Machine vision has been a research topic for decades. Hundreds of academic and research papers and projects have led to an enormous body of published work. Researchers have tackled everything from ambitious broad-based vision algorithms to focused topics like facial recognition, gesture recognition, and object identification. The fundamental software algorithms involved in machine vision are highly complex and in a state of constant flux and improvement. The catalog of software doing machine-vision-related tasks is enormous.

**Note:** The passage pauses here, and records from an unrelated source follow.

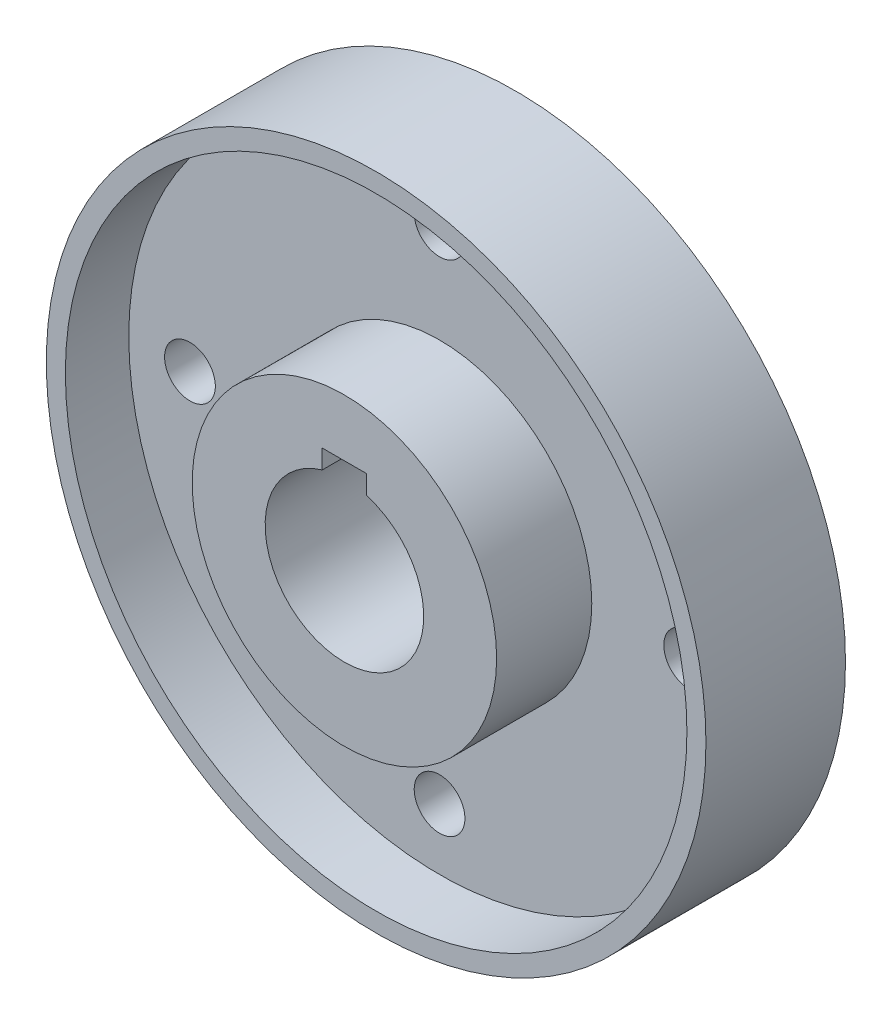
ISO-10303-21;
HEADER;
FILE_DESCRIPTION(('STEP AP214'),'2;1');
FILE_NAME('part.step','',(''),(''),'','','');
FILE_SCHEMA(('AUTOMOTIVE_DESIGN { 1 0 10303 214 1 1 1 1 }'));
ENDSEC;
DATA;
#1=APPLICATION_CONTEXT('core data for automotive mechanical design processes');
#2=APPLICATION_PROTOCOL_DEFINITION('international standard','automotive_design',2000,#1);
#3=PRODUCT_CONTEXT('',#1,'mechanical');
#4=PRODUCT('Part','Part','',(#3));
#5=PRODUCT_RELATED_PRODUCT_CATEGORY('part','',(#4));
#6=PRODUCT_DEFINITION_FORMATION('','',#4);
#7=PRODUCT_DEFINITION_CONTEXT('part definition',#1,'design');
#8=PRODUCT_DEFINITION('design','',#6,#7);
#9=PRODUCT_DEFINITION_SHAPE('','',#8);
#10=(LENGTH_UNIT() NAMED_UNIT(*) SI_UNIT(.MILLI.,.METRE.));
#11=(NAMED_UNIT(*) PLANE_ANGLE_UNIT() SI_UNIT($,.RADIAN.));
#12=(NAMED_UNIT(*) SI_UNIT($,.STERADIAN.) SOLID_ANGLE_UNIT());
#13=UNCERTAINTY_MEASURE_WITH_UNIT(LENGTH_MEASURE(1.E-05),#10,'distance_accuracy_value','');
#14=(GEOMETRIC_REPRESENTATION_CONTEXT(3) GLOBAL_UNCERTAINTY_ASSIGNED_CONTEXT((#13)) GLOBAL_UNIT_ASSIGNED_CONTEXT((#10,
#11,#12)) REPRESENTATION_CONTEXT('',''));
#15=CARTESIAN_POINT('',(0.,0.,0.));
#16=DIRECTION('',(0.,0.,1.));
#17=DIRECTION('',(1.,0.,0.));
#18=AXIS2_PLACEMENT_3D('',#15,#16,#17);
#19=CARTESIAN_POINT('',(0.,104.,0.));
#20=DIRECTION('',(0.,0.,1.));
#21=DIRECTION('',(1.,0.,0.));
#22=AXIS2_PLACEMENT_3D('',#19,#20,#21);
#23=PLANE('',#22);
#24=CARTESIAN_POINT('',(0.,-78.7044474679823,0.));
#25=DIRECTION('',(0.,0.,1.));
#26=DIRECTION('',(-1.,0.,0.));
#27=AXIS2_PLACEMENT_3D('',#24,#25,#26);
#28=CIRCLE('',#27,8.);
#29=CARTESIAN_POINT('',(-8.,-78.7044474679823,0.));
#30=VERTEX_POINT('',#29);
#31=EDGE_CURVE('E143',#30,#30,#28,.T.);
#32=ORIENTED_EDGE('',*,*,#31,.T.);
#33=EDGE_LOOP('',(#32));
#34=FACE_BOUND('',#33,.T.);
#35=CARTESIAN_POINT('',(0.,78.7044474679823,0.));
#36=DIRECTION('',(0.,0.,1.));
#37=DIRECTION('',(1.,0.,0.));
#38=AXIS2_PLACEMENT_3D('',#35,#36,#37);
#39=CIRCLE('',#38,8.);
#40=CARTESIAN_POINT('',(8.,78.7044474679823,0.));
#41=VERTEX_POINT('',#40);
#42=EDGE_CURVE('E137',#41,#41,#39,.T.);
#43=ORIENTED_EDGE('',*,*,#42,.T.);
#44=EDGE_LOOP('',(#43));
#45=FACE_BOUND('',#44,.T.);
#46=CARTESIAN_POINT('',(0.,0.,0.));
#47=DIRECTION('',(0.,0.,1.));
#48=DIRECTION('',(1.,0.,0.));
#49=AXIS2_PLACEMENT_3D('',#46,#47,#48);
#50=CIRCLE('',#49,104.);
#51=CARTESIAN_POINT('',(104.,0.,0.));
#52=VERTEX_POINT('',#51);
#53=EDGE_CURVE('E126',#52,#52,#50,.T.);
#54=ORIENTED_EDGE('',*,*,#53,.F.);
#55=EDGE_LOOP('',(#54));
#56=FACE_BOUND('',#55,.T.);
#57=CARTESIAN_POINT('',(0.,0.,0.));
#58=DIRECTION('',(0.,0.,1.));
#59=DIRECTION('',(1.,0.,0.));
#60=AXIS2_PLACEMENT_3D('',#57,#58,#59);
#61=CIRCLE('',#60,48.);
#62=CARTESIAN_POINT('',(48.,0.,0.));
#63=VERTEX_POINT('',#62);
#64=EDGE_CURVE('E123',#63,#63,#61,.T.);
#65=ORIENTED_EDGE('',*,*,#64,.T.);
#66=EDGE_LOOP('',(#65));
#67=FACE_BOUND('',#66,.T.);
#68=CARTESIAN_POINT('',(-78.7044474679823,-2.7479510961842E-13,0.));
#69=DIRECTION('',(0.,0.,1.));
#70=DIRECTION('',(0.,1.,0.));
#71=AXIS2_PLACEMENT_3D('',#68,#69,#70);
#72=CIRCLE('',#71,8.);
#73=CARTESIAN_POINT('',(-78.7044474679823,7.99999999999973,0.));
#74=VERTEX_POINT('',#73);
#75=EDGE_CURVE('E140',#74,#74,#72,.T.);
#76=ORIENTED_EDGE('',*,*,#75,.T.);
#77=EDGE_LOOP('',(#76));
#78=FACE_BOUND('',#77,.T.);
#79=CARTESIAN_POINT('',(78.7044474679823,8.24385328855259E-13,0.));
#80=DIRECTION('',(0.,0.,1.));
#81=DIRECTION('',(0.,-1.,0.));
#82=AXIS2_PLACEMENT_3D('',#79,#80,#81);
#83=CIRCLE('',#82,8.);
#84=CARTESIAN_POINT('',(78.7044474679824,-7.99999999999918,0.));
#85=VERTEX_POINT('',#84);
#86=EDGE_CURVE('E153',#85,#85,#83,.T.);
#87=ORIENTED_EDGE('',*,*,#86,.T.);
#88=EDGE_LOOP('',(#87));
#89=FACE_BOUND('',#88,.T.);
#90=ADVANCED_FACE('F37',(#34,#45,#56,#67,#78,#89),#23,.F.);
#91=CARTESIAN_POINT('',(0.,48.,24.));
#92=DIRECTION('',(0.,0.,-1.));
#93=DIRECTION('',(-1.,0.,0.));
#94=AXIS2_PLACEMENT_3D('',#91,#92,#93);
#95=PLANE('',#94);
#96=CARTESIAN_POINT('',(0.,-78.7044474679823,24.));
#97=DIRECTION('',(0.,0.,-1.));
#98=DIRECTION('',(-1.,0.,0.));
#99=AXIS2_PLACEMENT_3D('',#96,#97,#98);
#100=CIRCLE('',#99,8.);
#101=CARTESIAN_POINT('',(-8.,-78.7044474679823,24.));
#102=VERTEX_POINT('',#101);
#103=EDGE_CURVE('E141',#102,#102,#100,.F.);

As much work as there has been in machine vision, however, practical application of the technology is in its infancy. There have been several obstacles to commercialization of embedded vision technology on a large scale. First, even though there is a huge amount of research and software out there in the world, there is no standard approach that works for the general case. The choice of algorithm depends heavily on the specific problem being solved, and the quality of results required for most real-word commercial applications can be achieved only through exhaustive specialized tuning. You can’t just drop a piece of embedded vision software into your system and have it immediately start recognizing that “the man is giving something to the woman.”
The second major obstacle has been compute power. Most of the research projects so far have relied on post-processing of captured video – at what amounts to a terrible frame rate – sometimes far below one frame per second of processing speed. In order to do real-time vision, academic algorithms would need at least two to three orders of magnitude more of compute acceleration. If you want that kind of compute power in an embedded system, your options dwindle considerably.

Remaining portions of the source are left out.